梅毒の症状はどれくらいの期間続くのか?
梅毒の概要と段階
梅毒はトレポネーマ・パリダムという細菌が原因で、数段階にわたって症状が現れます。各段階の症状と期間を以下にまとめました。
一次梅毒
感染後10日から90日以内に発症します。主な症状は、性器・肛門・口腔など感染部位にできる痛みのない丸く硬い潰瘍(硬性下疳)です。下疳は通常2〜6週間で自然に消失します。
二次梅毒
一次梅毒が放置されると、6週間から6か月以内に二次梅毒へ移行します。主な症状は、体幹・四肢・手のひら・足の裏に現れる皮疹です。皮疹は小さな赤褐色の斑点から銅色の斑状に変化します。また、発熱、頭痛、咽頭痛、リンパ節腫脹、筋肉痛、倦怠感など全身症状が現れます。これらは数週間から数か月で改善しますが、1年程度まで断続的に再発することがあります。
潜伏梅毒
二次梅毒が治まると、症状が見られない潜伏期に入ります。この期間は数か月から数年続くことがあります。
三次梅毒
ごく一部の未治療ケースで、潜伏期が長期間続いた後に三次梅毒が現れます。発症まで数年から数十年かかることがあります。心臓、脳、眼、骨、関節、皮膚など様々な臓器に深刻な障害をもたらし、以下のような症状が出ます。

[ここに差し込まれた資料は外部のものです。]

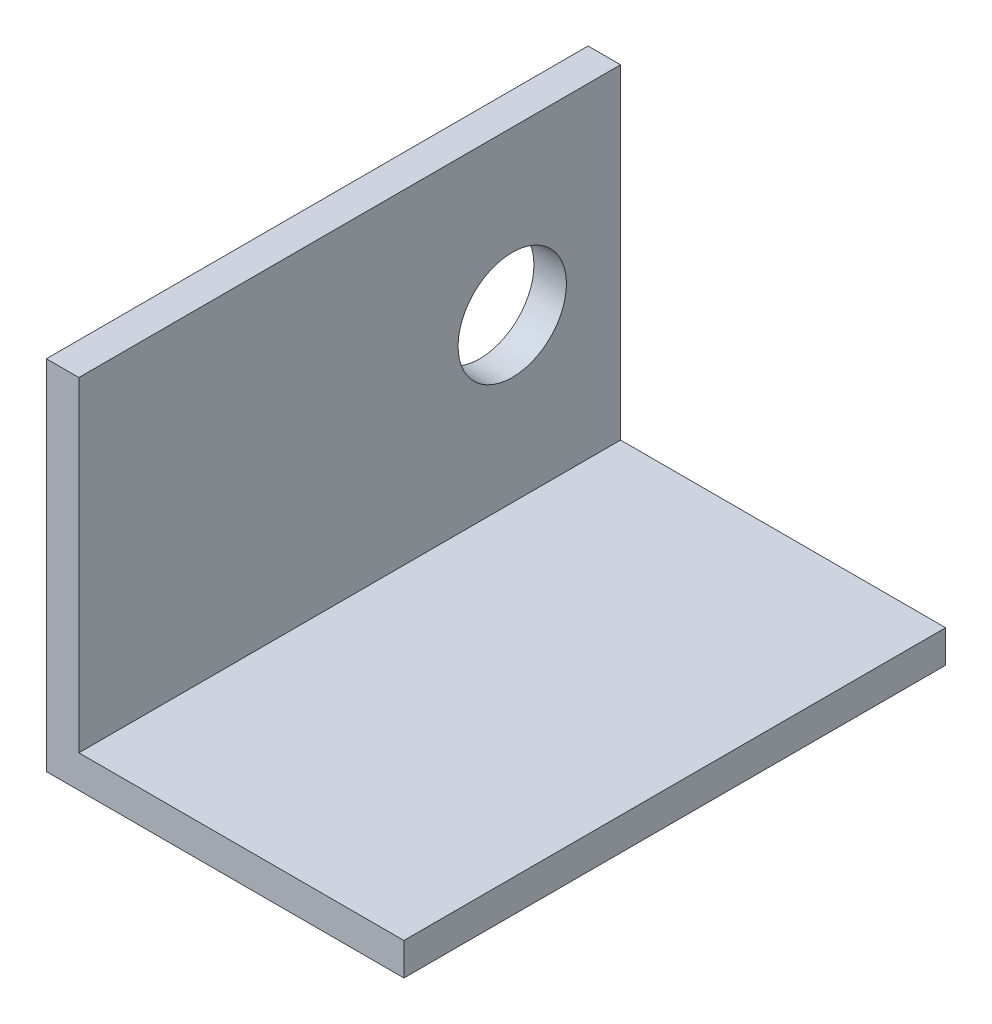
from build123d import *

# Parameters (mm, degrees)
EXTRUDE_1_DEPTH     = 50
SKETCH_2_R          = 5
CUT_EXTRUDE_1_DEPTH = 10


with BuildPart() as part:
    # Эскиз1 → Вытянуть-Тонкостенный1 (new body)
    with BuildSketch(Plane.XY):
        Polygon((0, 30), (0, 0), (30, 0), (30, -3), (-3, -3), (-3, 30), align=None)
    extrude(amount=-EXTRUDE_1_DEPTH)

    # Эскиз2 → Вырез-Вытянуть1 (cut)
    with BuildSketch(Plane.ZY.offset(3)):
        with Locations(Location((-40, 15, 0), (0, 0, 270))):
            Circle(SKETCH_2_R)
    extrude(amount=-CUT_EXTRUDE_1_DEPTH, mode=Mode.SUBTRACT)


solid = part.part
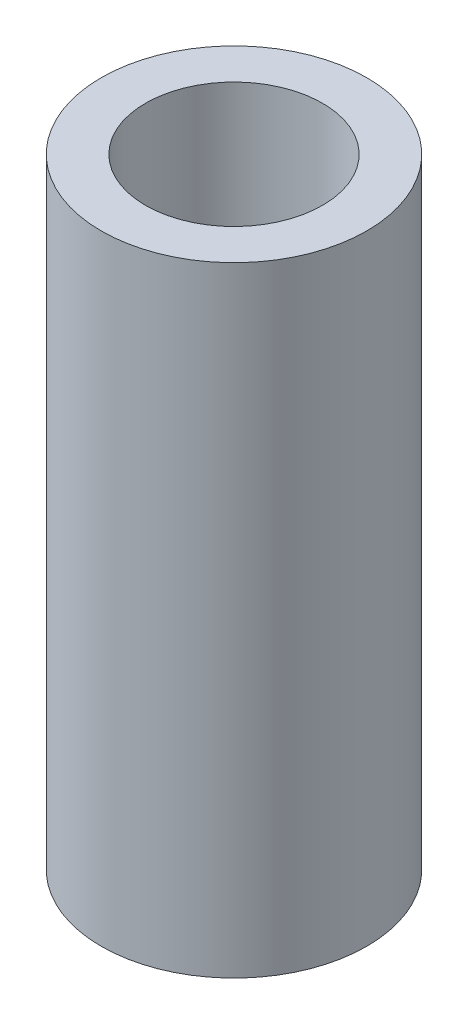
from build123d import *

# Parameters (mm, degrees)
SKETCH1_W          = 3
SKETCH1_H          = 14
SKETCH2_R          = 2
CUT_EXTRUDE1_DEPTH = 15.628738838


with BuildPart() as part:
    # Sketch1 → Revolve1 (revolve)
    with BuildSketch(Plane.XY, mode=Mode.PRIVATE) as revolve1_sk:
        with Locations((-1.5, 7)):
            Rectangle(SKETCH1_W, SKETCH1_H)
    revolve(revolve1_sk.sketch.rotate(Axis((0, -2.689983831, 0), (0, 1, 0)), 270), axis=Axis((0, -2.689983831, 0), (0, 1, 0)))

    # Sketch2 → Cut-Extrude1 (cut, through all)
    with BuildSketch(Plane(origin=(0, 0, 0), x_dir=(1, 0, 0), z_dir=(0, 1, 0))):
        with Locations(Location((0, 0, 0), (0, 0, 270))):
            Circle(SKETCH2_R)
    extrude(amount=CUT_EXTRUDE1_DEPTH, mode=Mode.SUBTRACT)


solid = part.part

- 神経症状:性格変化、記憶障害、痙攣、歩行失調(タベス・ドーサリス)など
- 心血管症状:大動脈瘤や心膜炎
- 眼症状:視力低下、ぶどう膜炎
- 皮膚病変:肉芽腫や潰瘍
すべての感染者が必ずすべての段階を経るわけではありません。早期に診断し、抗生物質で治療すれば、症状の進行や重篤な合併症を防ぐことができます。